• _EXERCISE_
Print the data exactly as written, but leave out each picture.

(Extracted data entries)
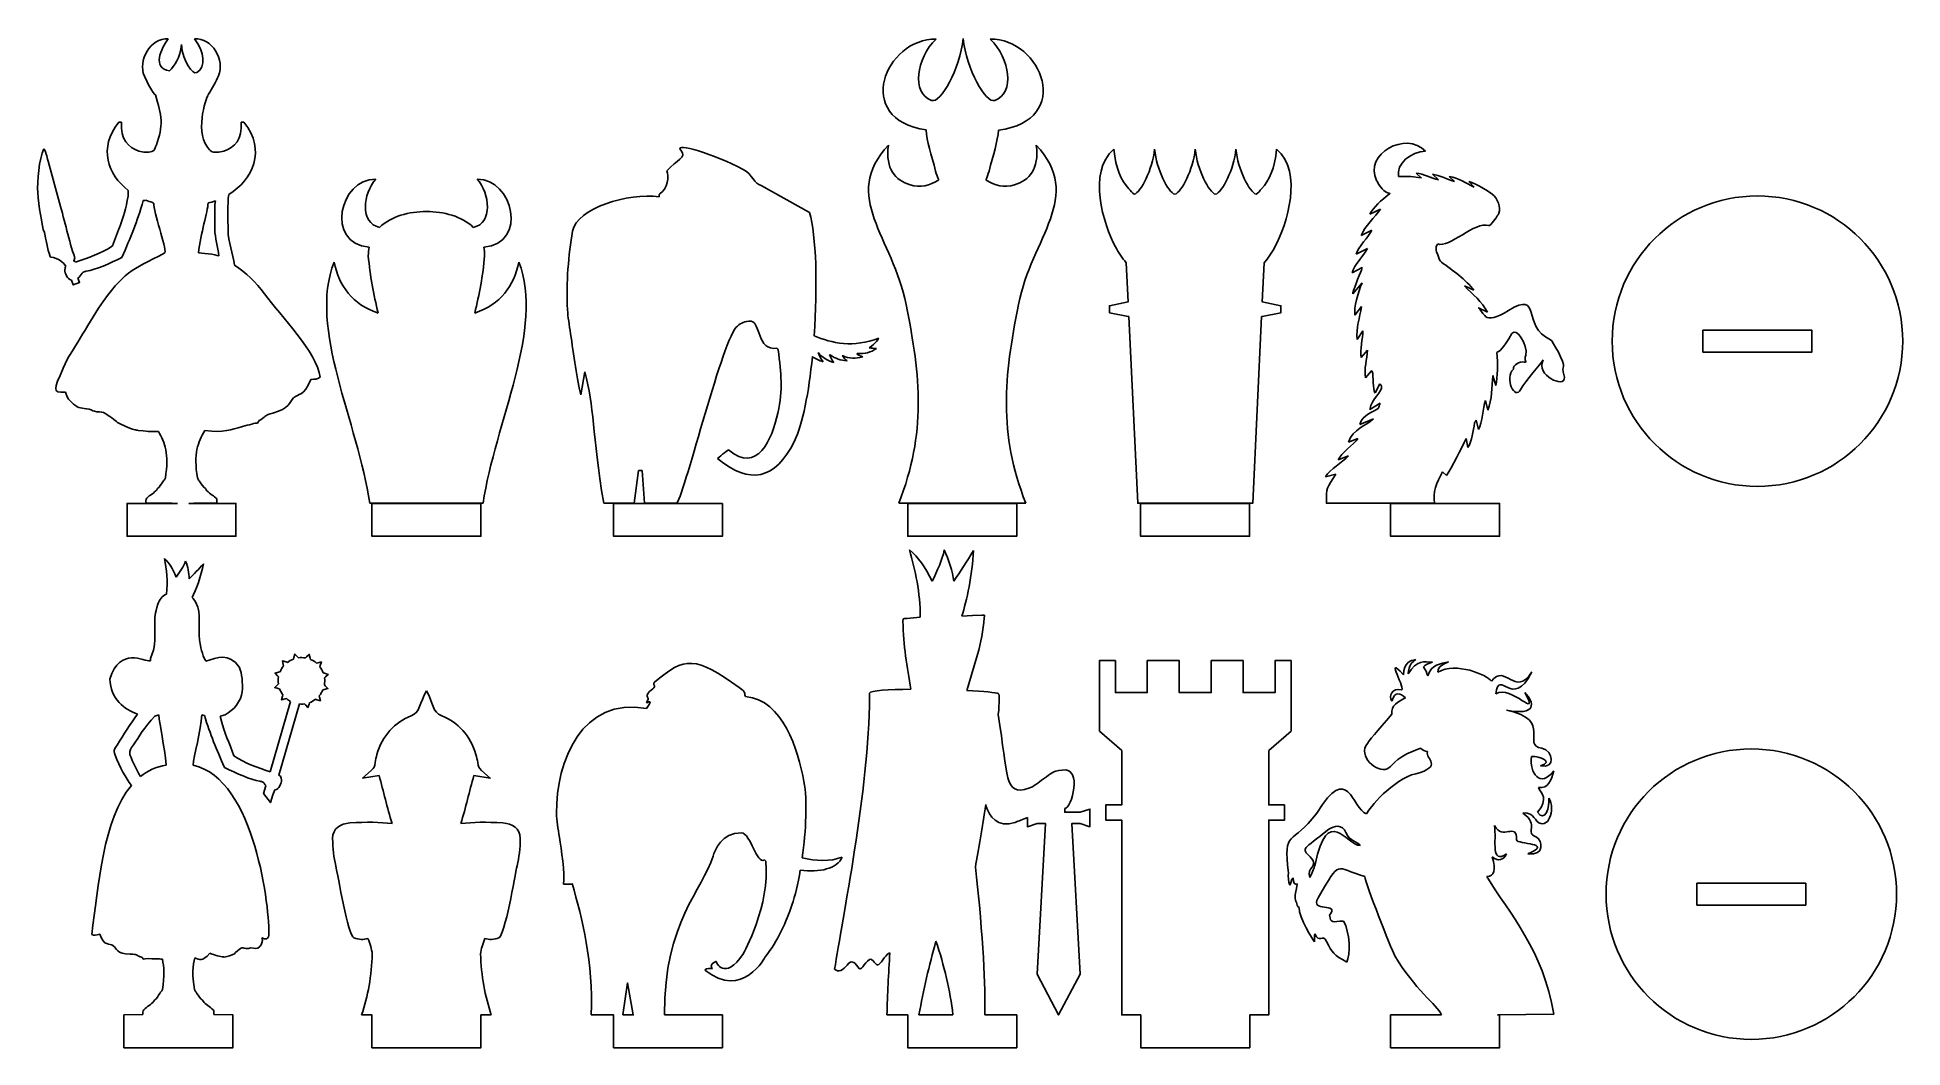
# Model space of a CAD drawing. Extents: x 15 to 208, y 27 to 131.
import ezdxf

# ---------------------------------------------------------------- set-up
doc = ezdxf.new("R2010")
doc.units = 0
doc.layers.get('0').update_dxf_attribs({"linetype": 'CONTINUOUS'})

msp = doc.modelspace()

# ---------------------------------------------------------------- linework, layer by layer
at = {"color": 1}
for points in [[(26.093102, 126.97446), (26.088234, 126.983614), (26.089054, 126.983482)], [(23.45092, 122.208282), (23.726854, 122.208282)], [(36.095702, 122.208282), (36.371636, 122.208282)], [(16.150643, 118.198045), (17.314122, 113.883591)], [(158.395194, 119.219628), (158.387838, 119.227486)], [(49.982411, 116.339321), (49.995217, 116.339162)], [(60.44729, 116.339162), (60.460202, 116.339321)], [(89.784529, 115.691912), (94.786344, 112.900505)], [(157.446239, 116.942915), (157.967363, 116.478889), (156.869924, 116.615758)], [(159.130444, 116.843987), (159.725942, 116.252987)], [(160.85095, 116.611419), (161.411364, 116.086803)], [(162.87459, 116.09228), (163.411376, 115.527606)], [(24.408289, 114.596405), (24.408289, 115.180658)], [(33.420076, 114.097639), (33.419547, 114.097639)], [(34.796915, 114.753964), (34.796386, 114.748037)], [(152.634527, 112.706327), (153.756069, 113.240706)], [(151.767514, 110.508513), (152.853681, 111.074007)], [(49.254066, 109.322254), (49.298013, 109.313628)], [(61.144494, 109.313628), (61.188521, 109.322254)], [(151.235622, 108.587691), (152.392883, 109.171785)], [(19.230366, 106.113678), (19.405653, 105.666082), (18.749857, 105.409278), (18.550414, 105.91868)], [(18.925646, 107.832385), (18.975758, 107.780182)], [(19.919183, 106.794371), (19.918812, 106.797229), (19.918945, 106.794371)], [(141.740467, 107.704274), (141.547797, 103.649851), (143.470127, 103.253982), (143.470127, 102.542544), (141.547797, 102.146701), (141.476333, 102.146701), (140.559287, 82.853099), (134.616666, 82.853099), (128.674045, 82.853099), (127.756946, 102.146701), (127.685483, 102.146701), (125.763152, 102.542544), (125.763152, 103.253982), (127.685562, 103.649851), (127.492813, 107.704274)], [(150.841419, 106.676552), (151.861202, 107.21834)], [(150.894521, 104.505884), (151.864721, 105.641688)], [(162.413871, 105.302995), (163.392564, 104.863786)], [(151.10759, 102.303599), (151.798126, 103.180957)], [(163.926917, 102.991118), (163.888764, 103.061841), (164.804963, 102.5853)], [(151.342275, 99.761482), (151.937614, 100.663632)], [(151.747723, 97.931385), (152.405636, 98.661662)], [(71.563283, 96.430801), (71.159688, 94.057118)], [(152.200266, 95.82472), (152.833811, 96.55206)], [(153.192163, 94.263229), (153.666455, 95.204537)], [(165.351248, 96.039906), (165.648852, 95.009327)], [(152.633786, 92.551348), (153.716329, 93.214341)], [(164.591048, 93.481041), (164.823114, 92.458876)], [(151.631412, 91.009727), (153.018305, 91.589852)], [(163.619577, 91.430546), (163.868656, 90.463785)], [(25.386533, 90.39764), (25.386295, 90.397719), (25.384125, 90.397957), (25.381056, 90.398222), (25.349332, 90.402349), (25.346025, 90.402878), (25.344146, 90.403143), (25.311894, 90.407879), (25.302236, 90.409466), (25.296971, 90.41026), (25.281387, 90.412641), (25.276122, 90.413435), (25.266227, 90.415023), (25.265777, 90.415102), (25.260538, 90.415896), (25.239821, 90.419574), (25.234715, 90.420367), (25.233365, 90.420632), (25.229555, 90.421426), (25.203838, 90.426373), (25.198652, 90.427432), (25.196244, 90.427961), (25.193546, 90.42849), (25.188386, 90.429548), (25.18328, 90.430607), (25.173067, 90.432723), (25.167907, 90.433782), (25.162801, 90.43484), (25.152588, 90.436957), (25.152588, 90.436957), (25.147508, 90.438015), (25.142402, 90.439073), (25.137295, 90.440132), (25.132268, 90.44119), (25.127188, 90.442513)], [(150.448513, 89.17418), (151.426201, 89.552243)], [(162.591697, 89.548195), (162.778678, 88.617523)], [(149.382004, 87.356466), (150.436659, 87.753658)], [(81.084685, 82.853099), (77.742759, 82.853099), (77.482885, 86.236432), (77.121967, 86.236432), (76.683605, 82.853099), (73.523845, 82.853099)], [(148.079037, 85.595479), (149.140571, 85.85985)], [(160.154355, 86.094959), (160.556046, 85.742243)], [(30.681745, 82.848812), (30.681745, 82.845532), (35.546453, 82.845532), (35.546453, 79.454235), (24.296317, 79.454235), (24.296317, 82.845532), (29.519483, 82.845532)], [(61.066812, 82.853019), (55.221293, 82.853019), (49.375801, 82.853019)], [(117.118051, 82.853099), (110.562602, 82.853099), (104.007153, 82.853099)], [(148.161904, 82.87035), (148.163492, 82.86982), (148.163359, 82.853099), (149.336866, 82.853099), (152.110228, 82.853099), (159.318325, 82.853099)]]:
    msp.add_lwpolyline(points, dxfattribs=at)
for points in [[(114.284707, 121.394397)], [(138.81825, 119.453017)], [(33.597744, 119.118293)], [(192.682125, 114.601564)], [(64.756189, 107.775737)], [(187.057136, 100.726655), (198.307113, 100.726655), (198.307113, 98.476639), (187.057136, 98.476639)], [(101.933322, 99.90097)], [(49.595326, 82.845532), (60.84533, 82.845532), (60.84533, 79.454235), (49.595326, 79.454235)], [(85.796014, 82.845532), (74.546037, 82.845532), (74.546037, 79.454235), (85.796014, 79.454235)], [(104.932427, 82.845532), (116.182431, 82.845532), (116.182431, 79.454235), (104.932427, 79.454235)], [(128.980883, 82.845532), (140.230886, 82.845532), (140.230886, 79.454235), (128.980882, 79.454235)], [(154.792865, 82.845532), (166.042869, 82.845532), (166.042869, 79.454235), (154.792865, 79.454235)], [(192.047098, 57.479028)], [(186.422109, 43.604093), (197.672087, 43.604093), (197.672087, 41.354102), (186.422109, 41.354102)]]:
    msp.add_lwpolyline(points, close=True, dxfattribs=at)
at = {"color": 6}
for points in [[(111.609161, 71.25276), (112.609339, 71.294617)], [(104.816936, 70.953437), (106.208565, 71.087686)], [(110.511669, 71.204394), (111.609161, 71.25276)], [(26.71998, 66.565137), (26.720562, 66.56482)], [(40.855371, 66.421283), (40.716994, 66.46195), (40.349726, 66.569344), (40.44024, 66.197631), (40.474371, 66.057455)], [(42.004589, 66.894543), (41.90492, 66.998948), (41.640628, 67.275623), (41.533154, 66.908328), (41.492567, 66.769951)], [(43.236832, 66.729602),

• _THE COMPLETED TASK_
# Model space of a CAD drawing. Extents: x 15 to 208, y 27 to 131.
import ezdxf

# ---------------------------------------------------------------- set-up
doc = ezdxf.new("R2010")
doc.units = 0
doc.layers.get('0').update_dxf_attribs({"linetype": 'CONTINUOUS'})

msp = doc.modelspace()

# ---------------------------------------------------------------- linework, layer by layer
at = {"color": 1}
for points in [[(26.093102, 126.97446), (26.088234, 126.983614), (26.089054, 126.983482)], [(23.45092, 122.208282), (23.726854, 122.208282)], [(36.095702, 122.208282), (36.371636, 122.208282)], [(16.150643, 118.198045), (17.314122, 113.883591)], [(158.395194, 119.219628), (158.387838, 119.227486)], [(49.982411, 116.339321), (49.995217, 116.339162)], [(60.44729, 116.339162), (60.460202, 116.339321)], [(89.784529, 115.691912), (94.786344, 112.900505)], [(157.446239, 116.942915), (157.967363, 116.478889), (156.869924, 116.615758)], [(159.130444, 116.843987), (159.725942, 116.252987)], [(160.85095, 116.611419), (161.411364, 116.086803)], [(162.87459, 116.09228), (163.411376, 115.527606)], [(24.408289, 114.596405), (24.408289, 115.180658)], [(33.420076, 114.097639), (33.419547, 114.097639)], [(34.796915, 114.753964), (34.796386, 114.748037)], [(152.634527, 112.706327), (153.756069, 113.240706)], [(151.767514, 110.508513), (152.853681, 111.074007)], [(49.254066, 109.322254), (49.298013, 109.313628)], [(61.144494, 109.313628), (61.188521, 109.322254)], [(151.235622, 108.587691), (152.392883, 109.171785)], [(19.230366, 106.113678), (19.405653, 105.666082), (18.749857, 105.409278), (18.550414, 105.91868)], [(18.925646, 107.832385), (18.975758, 107.780182)], [(19.919183, 106.794371), (19.918812, 106.797229), (19.918945, 106.794371)], [(141.740467, 107.704274), (141.547797, 103.649851), (143.470127, 103.253982), (143.470127, 102.542544), (141.547797, 102.146701), (141.476333, 102.146701), (140.559287, 82.853099), (134.616666, 82.853099), (128.674045, 82.853099), (127.756946, 102.146701), (127.685483, 102.146701), (125.763152, 102.542544), (125.763152, 103.253982), (127.685562, 103.649851), (127.492813, 107.704274)], [(150.841419, 106.676552), (151.861202, 107.21834)], [(150.894521, 104.505884), (151.864721, 105.641688)], [(162.413871, 105.302995), (163.392564, 104.863786)], [(151.10759, 102.303599), (151.798126, 103.180957)], [(163.926917, 102.991118), (163.888764, 103.061841), (164.804963, 102.5853)], [(151.342275, 99.761482), (151.937614, 100.663632)], [(151.747723, 97.931385), (152.405636, 98.661662)], [(71.563283, 96.430801), (71.159688, 94.057118)], [(152.200266, 95.82472), (152.833811, 96.55206)], [(153.192163, 94.263229), (153.666455, 95.204537)], [(165.351248, 96.039906), (165.648852, 95.009327)], [(152.633786, 92.551348), (153.716329, 93.214341)], [(164.591048, 93.481041), (164.823114, 92.458876)], [(151.631412, 91.009727), (153.018305, 91.589852)], [(163.619577, 91.430546), (163.868656, 90.463785)], [(25.386533, 90.39764), (25.386295, 90.397719), (25.384125, 90.397957), (25.381056, 90.398222), (25.349332, 90.402349), (25.346025, 90.402878), (25.344146, 90.403143), (25.311894, 90.407879), (25.302236, 90.409466), (25.296971, 90.41026), (25.281387, 90.412641), (25.276122, 90.413435), (25.266227, 90.415023), (25.265777, 90.415102), (25.260538, 90.415896), (25.239821, 90.419574), (25.234715, 90.420367), (25.233365, 90.420632), (25.229555, 90.421426), (25.203838, 90.426373), (25.198652, 90.427432), (25.196244, 90.427961), (25.193546, 90.42849), (25.188386, 90.429548), (25.18328, 90.430607), (25.173067, 90.432723), (25.167907, 90.433782), (25.162801, 90.43484), (25.152588, 90.436957), (25.152588, 90.436957), (25.147508, 90.438015), (25.142402, 90.439073), (25.137295, 90.440132), (25.132268, 90.44119), (25.127188, 90.442513)], [(150.448513, 89.17418), (151.426201, 89.552243)], [(162.591697, 89.548195), (162.778678, 88.617523)], [(149.382004, 87.356466), (150.436659, 87.753658)], [(81.084685, 82.853099), (77.742759, 82.853099), (77.482885, 86.236432), (77.121967, 86.236432), (76.683605, 82.853099), (73.523845, 82.853099)], [(148.079037, 85.595479), (149.140571, 85.85985)], [(160.154355, 86.094959), (160.556046, 85.742243)], [(30.681745, 82.848812), (30.681745, 82.845532), (35.546453, 82.845532), (35.546453, 79.454235), (24.296317, 79.454235), (24.296317, 82.845532), (29.519483, 82.845532)], [(61.066812, 82.853019), (55.221293, 82.853019), (49.375801, 82.853019)], [(117.118051, 82.853099), (110.562602, 82.853099), (104.007153, 82.853099)], [(148.161904, 82.87035), (148.163492, 82.86982), (148.163359, 82.853099), (149.336866, 82.853099), (152.110228, 82.853099), (159.318325, 82.853099)]]:
    msp.add_lwpolyline(points, dxfattribs=at)
for points in [[(114.284707, 121.394397)], [(138.81825, 119.453017)], [(33.597744, 119.118293)], [(192.682125, 114.601564)], [(64.756189, 107.775737)], [(187.057136, 100.726655), (198.307113, 100.726655), (198.307113, 98.476639), (187.057136, 98.476639)], [(101.933322, 99.90097)], [(49.595326, 82.845532), (60.84533, 82.845532), (60.84533, 79.454235), (49.595326, 79.454235)], [(85.796014, 82.845532), (74.546037, 82.845532), (74.546037, 79.454235), (85.796014, 79.454235)], [(104.932427, 82.845532), (116.182431, 82.845532), (116.182431, 79.454235), (104.932427, 79.454235)], [(128.980883, 82.845532), (140.230886, 82.845532), (140.230886, 79.454235), (128.980882, 79.454235)], [(154.792865, 82.845532), (166.042869, 82.845532), (166.042869, 79.454235), (154.792865, 79.454235)], [(192.047098, 57.479028)], [(186.422109, 43.604093), (197.672087, 43.604093), (197.672087, 41.354102), (186.422109, 41.354102)]]:
    msp.add_lwpolyline(points, close=True, dxfattribs=at)
at = {"color": 6}
for points in [[(111.609161, 71.25276), (112.609339, 71.294617)], [(104.816936, 70.953437), (106.208565, 71.087686)], [(110.511669, 71.204394), (111.609161, 71.25276)], [(26.71998, 66.565137), (26.720562, 66.56482)], [(40.855371, 66.421283), (40.716994, 66.46195), (40.349726, 66.569344), (40.44024, 66.197631), (40.474371, 66.057455)], [(42.004589, 66.894543), (41.90492, 66.998948), (41.640628, 67.275623), (41.533154, 66.908328), (41.492567, 66.769951)], [(43.236832, 66.729602),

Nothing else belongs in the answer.